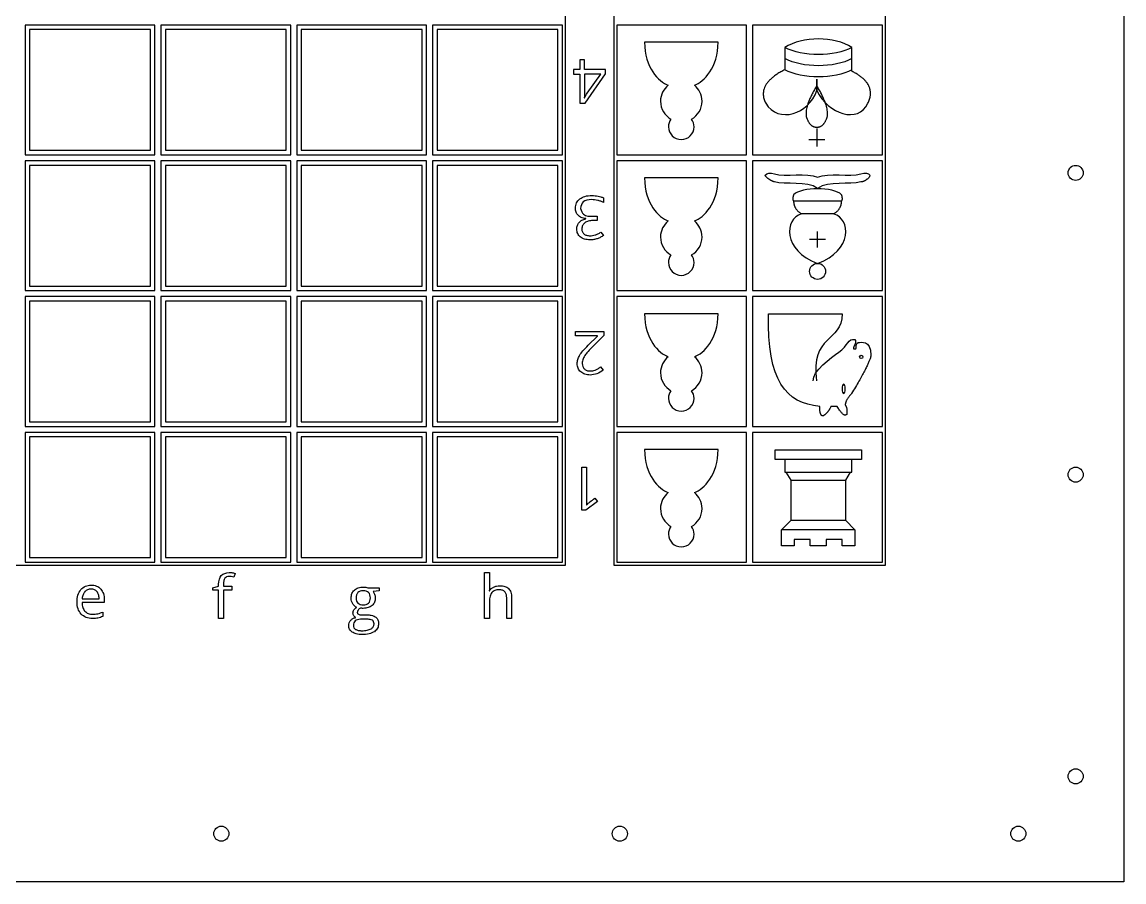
# Model space of a CAD drawing. Header units: millimetres. Extents: x 0 to 730, y -10 to 560.
# Drawn here: x 365 to 730, y -10 to 275 of the extents above; entities that cross this region are included whole.
import ezdxf

# ---------------------------------------------------------------- set-up
doc = ezdxf.new("R2010")
doc.units = ezdxf.units.MM
doc.layers.get('0').update_dxf_attribs({"linetype": 'CONTINUOUS'})

msp = doc.modelspace()

# ---------------------------------------------------------------- linework, layer by layer
for p, q in [((595.54, 268.33), (571.2, 268.33)), ((617.67, 266.6), (617.67, 259.2)), ((639.9, 258.67), (639.9, 266.6)), ((551.34, 257.73), (551.34, 252.99)), ((556.67, 257.73), (551.34, 257.73)), ((552.2, 251.39), (556.67, 257.73)), ((628.25, 256.02), (628.25, 252.32)), ((628.25, 252.32), (628.25, 256.02)), ((551.25, 249.83), (551.33, 249.83)), ((628.25, 239.75), (628.25, 233.8)), ((630.9, 235.91), (625.61, 235.91)), ((595.54, 223.33), (571.2, 223.33)), ((557.65, 216.73), (557.65, 215.19)), ((636.46, 215.65), (620.58, 215.65)), ((551.71, 209.76), (551.71, 209.84)), ((555.49, 209.2), (554.06, 209.2)), ((554.08, 210.61), (555.49, 210.61)), ((555.49, 210.61), (555.49, 209.2)), ((633.81, 211.42), (623.23, 211.42)), ((556.75, 205.36), (557.57, 204.27)), ((628.52, 200.3), (628.52, 205.6)), ((631.17, 202.95), (625.88, 202.95)), ((595.54, 178.33), (571.2, 178.33)), ((612.27, 178.3), (636.62, 178.3)), ((548.3, 171.01), (548.3, 172.49)), ((548.3, 172.49), (557.68, 172.49)), ((557.68, 172.49), (557.68, 171.11)), ((555.64, 171.01), (548.3, 171.01)), ((552.52, 167.86), (555.64, 170.93)), ((557.68, 171.11), (553.92, 167.32)), ((555.64, 170.93), (555.64, 171.01)), ((556.64, 160.73), (557.5, 159.62)), ((635.03, 147.61), (632.91, 147.61)), ((595.54, 133.33), (571.2, 133.33)), ((550.4, 113.21), (550.4, 127.49)), ((550.4, 127.49), (552.02, 127.49)), ((552.02, 127.49), (552.02, 117.31)), ((619.74, 123.13), (618.15, 125.78)), ((618.15, 125.78), (639.32, 125.78)), ((639.32, 125.78), (637.73, 123.13)), ((619.74, 109.9), (619.74, 123.13)), ((619.74, 123.13), (637.73, 123.13)), ((637.73, 123.13), (637.73, 109.9)), ((554.72, 117.25), (555.58, 116.13)), ((551.8, 113.21), (550.4, 113.21)), ((555.58, 116.13), (551.8, 113.21)), ((616.56, 106.73), (619.74, 109.9)), ((619.74, 109.9), (637.73, 109.9)), ((637.73, 109.9), (640.9, 106.73)), ((616.56, 101.44), (616.56, 106.73)), ((640.9, 106.73), (616.56, 106.73)), ((640.9, 106.73), (640.9, 101.44)), ((626.09, 103.55), (620.8, 103.55)), ((620.8, 103.55), (620.8, 101.44)), ((626.09, 101.44), (626.09, 103.55)), ((636.67, 103.55), (631.38, 103.55)), ((631.38, 103.55), (631.38, 101.44)), ((636.67, 101.44), (636.67, 103.55)), ((620.8, 101.44), (616.56, 101.44)), ((631.38, 101.44), (626.09, 101.44)), ((640.9, 101.44), (636.67, 101.44)), ((435.56, 92.27), (435.14, 90.98)), ((518.21, 77.32), (518.21, 92.52)), ((518.21, 92.52), (519.83, 92.52)), ((519.83, 92.52), (519.83, 87.92)), ((428.21, 87.5), (430.12, 88.08)), ((430.12, 88.08), (430.12, 88.67)), ((431.75, 88.72), (431.75, 88.02)), ((431.75, 88.02), (434.47, 88.02)), ((434.47, 88.02), (434.47, 86.76)), ((428.21, 86.76), (428.21, 87.5)), ((430.12, 86.76), (428.21, 86.76)), ((430.12, 77.32), (430.12, 86.76)), ((434.47, 86.76), (431.75, 86.76)), ((431.75, 86.76), (431.75, 77.32)), ((479.58, 87.52), (483.29, 87.52)), ((483.29, 86.49), (481.31, 86.26)), ((483.29, 87.52), (483.29, 86.49)), ((519.75, 86.54), (519.85, 86.54)), ((525.53, 77.32), (525.53, 84.24)), ((527.16, 84.3), (527.16, 77.32)), ((392.23, 82.57), (384.87, 82.57)), ((384.91, 83.89), (390.51, 83.89)), ((392.23, 83.6), (392.23, 82.57)), ((519.83, 82.92), (519.83, 77.32)), ((391.78, 79.46), (391.78, 78.01)), ((431.75, 77.32), (430.12, 77.32)), ((479.03, 77.06), (477.08, 77.06)), ((477.65, 78.49), (479.54, 78.49)), ((519.83, 77.32), (518.21, 77.32)), ((527.16, 77.32), (525.53, 77.32))]:
    msp.add_line(p, q)
for points in [[(730, -10), (0, -10), (0, 560), (730, 560)], [(545, 95), (545, 455), (185, 455), (185, 95)], [(651, 95), (651, 455), (561, 455), (561, 95)], [(366, 231), (409, 231), (409, 274), (366, 274)], [(411, 274), (411, 231), (454, 231), (454, 274)], [(456, 274), (456, 231), (499, 231), (499, 274)], [(501, 231), (544, 231), (544, 274), (501, 274)], [(605, 274), (562, 274), (562, 231), (605, 231)], [(650, 231), (650, 274), (607, 274), (607, 231)], [(367.5, 272.5), (367.5, 232.5), (407.5, 232.5), (407.5, 272.5)], [(412.5, 232.5), (452.5, 232.5), (452.5, 272.5), (412.5, 272.5)], [(457.5, 272.5), (457.5, 232.5), (497.5, 232.5), (497.5, 272.5)], [(502.5, 232.5), (542.5, 232.5), (542.5, 272.5), (502.5, 272.5)], [(547.67, 257.73), (549.81, 257.73), (549.81, 248.13), (551.53, 248.13), (558.31, 257.79), (558.31, 259.22), (551.34, 259.22), (551.34, 262.49), (549.81, 262.49), (549.81, 259.22), (547.67, 259.22)], [(409, 229), (366, 229), (366, 186), (409, 186)], [(407.5, 227.5), (367.5, 227.5), (367.5, 187.5), (407.5, 187.5)], [(411, 229), (411, 186), (454, 186), (454, 229)], [(412.5, 187.5), (452.5, 187.5), (452.5, 227.5), (412.5, 227.5)], [(456, 186), (499, 186), (499, 229), (456, 229)], [(457.5, 227.5), (457.5, 187.5), (497.5, 187.5), (497.5, 227.5)], [(544, 229), (501, 229), (501, 186), (544, 186)], [(502.5, 187.5), (542.5, 187.5), (542.5, 227.5), (502.5, 227.5)], [(562, 229), (562, 186), (605, 186), (605, 229)], [(607, 186), (650, 186), (650, 229), (607, 229)], [(409, 141), (409, 184), (366, 184), (366, 141)], [(407.5, 142.5), (407.5, 182.5), (367.5, 182.5), (367.5, 142.5)], [(454, 141), (454, 184), (411, 184), (411, 141)], [(452.5, 142.5), (452.5, 182.5), (412.5, 182.5), (412.5, 142.5)], [(499, 141), (499, 184), (456, 184), (456, 141)], [(497.5, 142.5), (497.5, 182.5), (457.5, 182.5), (457.5, 142.5)], [(544, 184), (501, 184), (501, 141), (544, 141)], [(542.5, 182.5), (502.5, 182.5), (502.5, 142.5), (542.5, 142.5)], [(562, 141), (605, 141), (605, 184), (562, 184)], [(650, 184), (607, 184), (607, 141), (650, 141)], [(366, 139), (366, 96), (409, 96), (409, 139)], [(411, 96), (454, 96), (454, 139), (411, 139)], [(499, 96), (499, 139), (456, 139), (456, 96)], [(544, 139), (501, 139), (501, 96), (544, 96)], [(562, 96), (605, 96), (605, 139), (562, 139)], [(607, 139), (607, 96), (650, 96), (650, 139)], [(367.5, 97.5), (407.5, 97.5), (407.5, 137.5), (367.5, 137.5)], [(452.5, 137.5), (412.5, 137.5), (412.5, 97.5), (452.5, 97.5)], [(497.5, 97.5), (497.5, 137.5), (457.5, 137.5), (457.5, 97.5)], [(542.5, 137.5), (502.5, 137.5), (502.5, 97.5), (542.5, 97.5)], [(643.02, 133.19), (643.02, 130.01), (614.45, 130.01), (614.45, 133.19)], [(639.85, 125.78), (639.85, 130.01), (617.62, 130.01), (617.62, 125.78)]]:
    msp.add_lwpolyline(points, close=True)
for centre in [(714, 225), (714, 125), (714, 25), (431, 6), (563, 6), (695, 6)]:
    msp.add_circle(centre, 2.5)
at = {"extrusion": (0, 0, -1)}
for centre, radius, start, end in [((-628.52, 192.37), 2.65, 0, 180), ((-628.52, 192.37), 2.65, -180, 0), ((-642.97, 164.01), 0.529, 0, 180), ((-642.97, 164.01), 0.529, -180, 0)]:
    msp.add_arc(centre, radius, start, end, dxfattribs=at)
msp.add_ellipse((637.15, 153.43), major_axis=(0, -1.59), ratio=0.333333, start_param=-1.570796, end_param=4.712389)
msp.add_ellipse((637.15, 153.43), major_axis=(0, -1.59), ratio=0.333333, start_param=-1.570796, end_param=4.712389)
for points, degree in [([(571.2, 268.33), (571.2, 259.94), (575.86, 255.19), (579.04, 254.07)], 3), ([(587.7, 254.07), (590.87, 255.19), (595.54, 259.94), (595.54, 268.33)], 3), ([(639.9, 266.6), (634.08, 270.31), (623.49, 270.31), (617.67, 266.6)], 3), ([(639.9, 266.6), (634.08, 263.43), (623.49, 263.43), (617.67, 266.6)], 3), ([(639.9, 262.9), (634.08, 259.73), (623.49, 259.73), (617.67, 262.9)], 3), ([(617.67, 259.2), (608.15, 254.43), (611.32, 248.08)], 2), ([(639.9, 259.2), (634.08, 256.02), (623.49, 256.02), (617.67, 259.2)], 3), ([(645.19, 248.08), (648.36, 254.43), (639.9, 258.67)], 2), ([(579.04, 254.07), (577.48, 252.81), (576.49, 250.9), (576.49, 248.75)], 3), ([(590.25, 248.75), (590.25, 250.9), (589.25, 252.81), (587.7, 254.07)], 3), ([(611.32, 248.08), (615.55, 241.2), (625.61, 244.38), (628.25, 252.32)], 3), ([(628.25, 253.9), (623.49, 245.97), (625.08, 242.79)], 2), ([(631.43, 242.79), (633.02, 245.97), (628.25, 253.9)], 2), ([(628.25, 252.32), (631.96, 244.38), (642.01, 241.2), (645.19, 248.08)], 3), ([(576.49, 248.75), (576.49, 246.2), (577.9, 243.98), (579.96, 242.8)], 3), ([(586.78, 242.8), (588.84, 243.98), (590.25, 246.2), (590.25, 248.75)], 3), ([(579.96, 242.8), (579.44, 242.09), (579.13, 241.22), (579.13, 240.28)], 3), ([(587.6, 240.28), (587.6, 241.22), (587.29, 242.09), (586.78, 242.8)], 3), ([(625.08, 242.79), (626.14, 240.15), (628.25, 240.15)], 2), ([(628.25, 240.15), (630.37, 240.15), (631.43, 242.79)], 2), ([(579.13, 240.28), (579.13, 237.94), (581.03, 236.05), (583.37, 236.05)], 3), ([(583.37, 236.05), (585.71, 236.05), (587.6, 237.94), (587.6, 240.28)], 3), ([(571.2, 223.33), (571.2, 214.94), (575.86, 210.19), (579.04, 209.07)], 3), ([(587.7, 209.07), (590.87, 210.19), (595.54, 214.94), (595.54, 223.33)], 3), ([(611.06, 224.12), (611.78, 225.14), (612.8, 225.16), (614.23, 224.65)], 3), ([(614.23, 222), (612.49, 222.57), (611.06, 224.12)], 2), ([(614.23, 224.65), (617.82, 223.62), (624.93, 225.13), (628.52, 223.59)], 3), ([(628.52, 223.59), (632.11, 225.13), (639.22, 223.62), (642.81, 224.65)], 3), ([(642.81, 224.65), (644.24, 225.16), (645.27, 225.14), (645.98, 224.12)], 3), ([(645.98, 224.12), (644.55, 222.06), (642.81, 222)], 2), ([(628.52, 219.88), (624.93, 222.46), (617.82, 220.97), (614.23, 222)], 3), ([(636.46, 217.77), (633.81, 220.41), (623.23, 220.41), (620.58, 217.77)], 3), ([(642.81, 222), (639.22, 220.97), (632.11, 222.46), (628.52, 219.88)], 3), ([(620.58, 217.77), (620.05, 216.18), (620.58, 215.65)], 2), ([(620.58, 215.65), (620.58, 213), (623.23, 211.42)], 2), ([(633.81, 211.42), (636.46, 213), (636.46, 215.65)], 2), ([(636.46, 215.65), (636.99, 216.18), (636.46, 217.77)], 2), ([(579.04, 209.07), (577.48, 207.81), (576.49, 205.9), (576.49, 203.75)], 3), ([(590.25, 203.75), (590.25, 205.9), (589.25, 207.81), (587.7, 209.07)], 3), ([(623.23, 211.42), (617.41, 209.83), (616.88, 199.25), (628.52, 195.01)], 3), ([(628.52, 195.01), (640.16, 199.25), (639.63, 209.83), (633.81, 211.42)], 3), ([(576.49, 203.75), (576.49, 201.2), (577.9, 198.98), (579.96, 197.8)], 3), ([(586.78, 197.8), (588.84, 198.98), (590.25, 201.2), (590.25, 203.75)], 3), ([(579.96, 197.8), (579.44, 197.09), (579.13, 196.22), (579.13, 195.28)], 3), ([(587.6, 195.28), (587.6, 196.22), (587.29, 197.09), (586.78, 197.8)], 3), ([(579.13, 195.28), (579.13, 192.94), (581.03, 191.05), (583.37, 191.05)], 3), ([(583.37, 191.05), (585.71, 191.05), (587.6, 192.94), (587.6, 195.28)], 3), ([(571.2, 178.33), (571.2, 169.94), (575.86, 165.19), (579.04, 164.07)], 3), ([(587.7, 164.07), (590.87, 165.19), (595.54, 169.94), (595.54, 178.33)], 3), ([(629.21, 147.61), (618.1, 148.67), (611.75, 156.08), (612.27, 178.3)], 3), ([(636.62, 178.3), (636.62, 168.78), (626.03, 171.42), (628.15, 156.08)], 3), ([(635.56, 165.6), (638.73, 167.72), (638.54, 170.19), (640.85, 169.83)], 3), ([(640.85, 169.83), (641.95, 168.84), (639.36, 166.62), (640.85, 166.66)], 3), ([(640.85, 166.66), (641.91, 166.66), (640.65, 167.96), (641.91, 168.78)], 3), ([(641.91, 168.78), (642.97, 168.78), (646.14, 169.83), (646.14, 164.54)], 3), ([(627.09, 156.08), (626.69, 159.15), (632.97, 163.87), (635.56, 165.6)], 3), ([(646.14, 164.54), (646.14, 162.43), (639.79, 151.84)], 2), ([(579.04, 164.07), (577.48, 162.81), (576.49, 160.9), (576.49, 158.75)], 3), ([(590.25, 158.75), (590.25, 160.9), (589.25, 162.81), (587.7, 164.07)], 3), ([(576.49, 158.75), (576.49, 156.2), (577.9, 153.98), (579.96, 152.8)], 3), ([(586.78, 152.8), (588.84, 153.98), (590.25, 156.2), (590.25, 158.75)], 3), ([(579.96, 152.8), (579.44, 152.09), (579.13, 151.22), (579.13, 150.28)], 3), ([(579.13, 150.28), (579.13, 147.94), (581.03, 146.05), (583.37, 146.05)], 3), ([(583.37, 146.05), (585.71, 146.05), (587.6, 147.94), (587.6, 150.28)], 3), ([(587.6, 150.28), (587.6, 151.22), (587.29, 152.09), (586.78, 152.8)], 3), ([(639.79, 151.84), (637.79, 149.83), (637.67, 148.14)], 2), ([(630.27, 144.43), (629.21, 144.43), (629.21, 147.61)], 2), ([(632.91, 147.61), (632.09, 145.5), (630.27, 144.43)], 2), ([(638.2, 144.96), (637.15, 143.9), (635.03, 147.61)], 2), ([(637.67, 148.14), (638.45, 147.09), (638.2, 146.02), (638.2, 144.96)], 3), ([(571.2, 133.33), (571.2, 124.94), (575.86, 120.19), (579.04, 119.07)], 3), ([(587.7, 119.07), (590.87, 120.19), (595.54, 124.94), (595.54, 133.33)], 3), ([(579.04, 119.07), (577.48, 117.81), (576.49, 115.9), (576.49, 113.75)], 3), ([(590.25, 113.75), (590.25, 115.9), (589.25, 117.81), (587.7, 119.07)], 3), ([(576.49, 113.75), (576.49, 111.2), (577.9, 108.98), (579.96, 107.8)], 3), ([(586.78, 107.8), (588.84, 108.98), (590.25, 111.2), (590.25, 113.75)], 3), ([(579.96, 107.8), (579.44, 107.09), (579.13, 106.22), (579.13, 105.28)], 3), ([(587.6, 105.28), (587.6, 106.22), (587.29, 107.09), (586.78, 107.8)], 3), ([(579.13, 105.28), (579.13, 102.94), (581.03, 101.05), (583.37, 101.05)], 3), ([(583.37, 101.05), (585.71, 101.05), (587.6, 102.94), (587.6, 105.28)], 3)]:
    msp.add_open_spline(points, degree=degree)
for points, knots in [([(551.34, 252.99), (551.34, 252.49), (551.33, 251.44), (551.28, 250.39), (551.25, 249.83)], [0, 0, 0, 0, 0.1487016, 0.3156094, 0.3156094, 0.3156094, 0.3156094]), ([(551.33, 249.83), (551.47, 250.12), (551.74, 250.65), (552.06, 251.16), (552.2, 251.39)], [0, 0, 0, 0, 0.0969709, 0.1784898, 0.1784898, 0.1784898, 0.1784898]), ([(548.33, 213.26), (548.38, 213.89), (548.47, 215.11), (549.32, 215.98), (549.73, 216.39)], [0, 0, 0, 0, 0.1835474, 0.3533915, 0.3533915, 0.3533915, 0.3533915]), ([(549.73, 216.39), (550.29, 216.71), (551.53, 217.42), (552.96, 217.47), (553.75, 217.49)], [0, 0, 0, 0, 0.1894257, 0.4217605, 0.4217605, 0.4217605, 0.4217605]), ([(553.69, 216.13), (552.61, 216.06), (550.65, 215.94), (550.19, 214.07), (549.99, 213.22)], [0, 0, 0, 0, 0.2869676, 0.5240748, 0.5240748, 0.5240748, 0.5240748]), ([(555.68, 215.89), (555.34, 215.96), (554.68, 216.1), (554.01, 216.12), (553.69, 216.13)], [0, 0, 0, 0, 0.1037475, 0.2004916, 0.2004916, 0.2004916, 0.2004916]), ([(553.75, 217.49), (554.11, 217.48), (554.8, 217.47), (555.49, 217.37), (555.82, 217.32)], [0, 0, 0, 0, 0.1086022, 0.2084042, 0.2084042, 0.2084042, 0.2084042]), ([(557.65, 215.19), (557.34, 215.34), (556.7, 215.63), (556.02, 215.8), (555.68, 215.89)], [0, 0, 0, 0, 0.1040526, 0.210171, 0.210171, 0.210171, 0.210171]), ([(555.82, 217.32), (556.13, 217.25), (556.77, 217.12), (557.36, 216.86), (557.65, 216.73)], [0, 0, 0, 0, 0.0957545, 0.1928751, 0.1928751, 0.1928751, 0.1928751]), ([(549.16, 210.94), (548.92, 211.27), (548.41, 211.96), (548.35, 212.81), (548.33, 213.26)], [0, 0, 0, 0, 0.1196359, 0.2509514, 0.2509514, 0.2509514, 0.2509514]), ([(549.99, 213.22), (550.25, 212.47), (550.89, 210.64), (552.9, 210.62), (554.08, 210.61)], [0, 0, 0, 0, 0.2207101, 0.5347854, 0.5347854, 0.5347854, 0.5347854]), ([(548.77, 206.35), (548.79, 206.78), (548.84, 207.6), (549.31, 208.28), (549.53, 208.6)], [0, 0, 0, 0, 0.1262156, 0.2413496, 0.2413496, 0.2413496, 0.2413496]), ([(551.71, 209.84), (551.19, 209.93), (550.24, 210.08), (549.49, 210.67), (549.16, 210.94)], [0, 0, 0, 0, 0.1544831, 0.2818187, 0.2818187, 0.2818187, 0.2818187]), ([(549.53, 208.6), (549.83, 208.87), (550.45, 209.44), (551.27, 209.65), (551.71, 209.76)], [0, 0, 0, 0, 0.117826, 0.2499575, 0.2499575, 0.2499575, 0.2499575]), ([(551.41, 208.46), (551.12, 208.19), (550.54, 207.63), (550.46, 206.82), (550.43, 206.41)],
···
- **Aim of the exercise**
Reproduce the data above line for line, from its first line through the line containing "layer by layer", both ends included, with the pictures omitted and nothing more.

- **Your solution**
# Model space of a CAD drawing. Header units: millimetres. Extents: x 0 to 730, y -10 to 560.
# Drawn here: x 365 to 730, y -10 to 275 of the extents above; entities that cross this region are included whole.
import ezdxf

# ---------------------------------------------------------------- set-up
doc = ezdxf.new("R2010")
doc.units = ezdxf.units.MM
doc.layers.get('0').update_dxf_attribs({"linetype": 'CONTINUOUS'})

msp = doc.modelspace()

# ---------------------------------------------------------------- linework, layer by layer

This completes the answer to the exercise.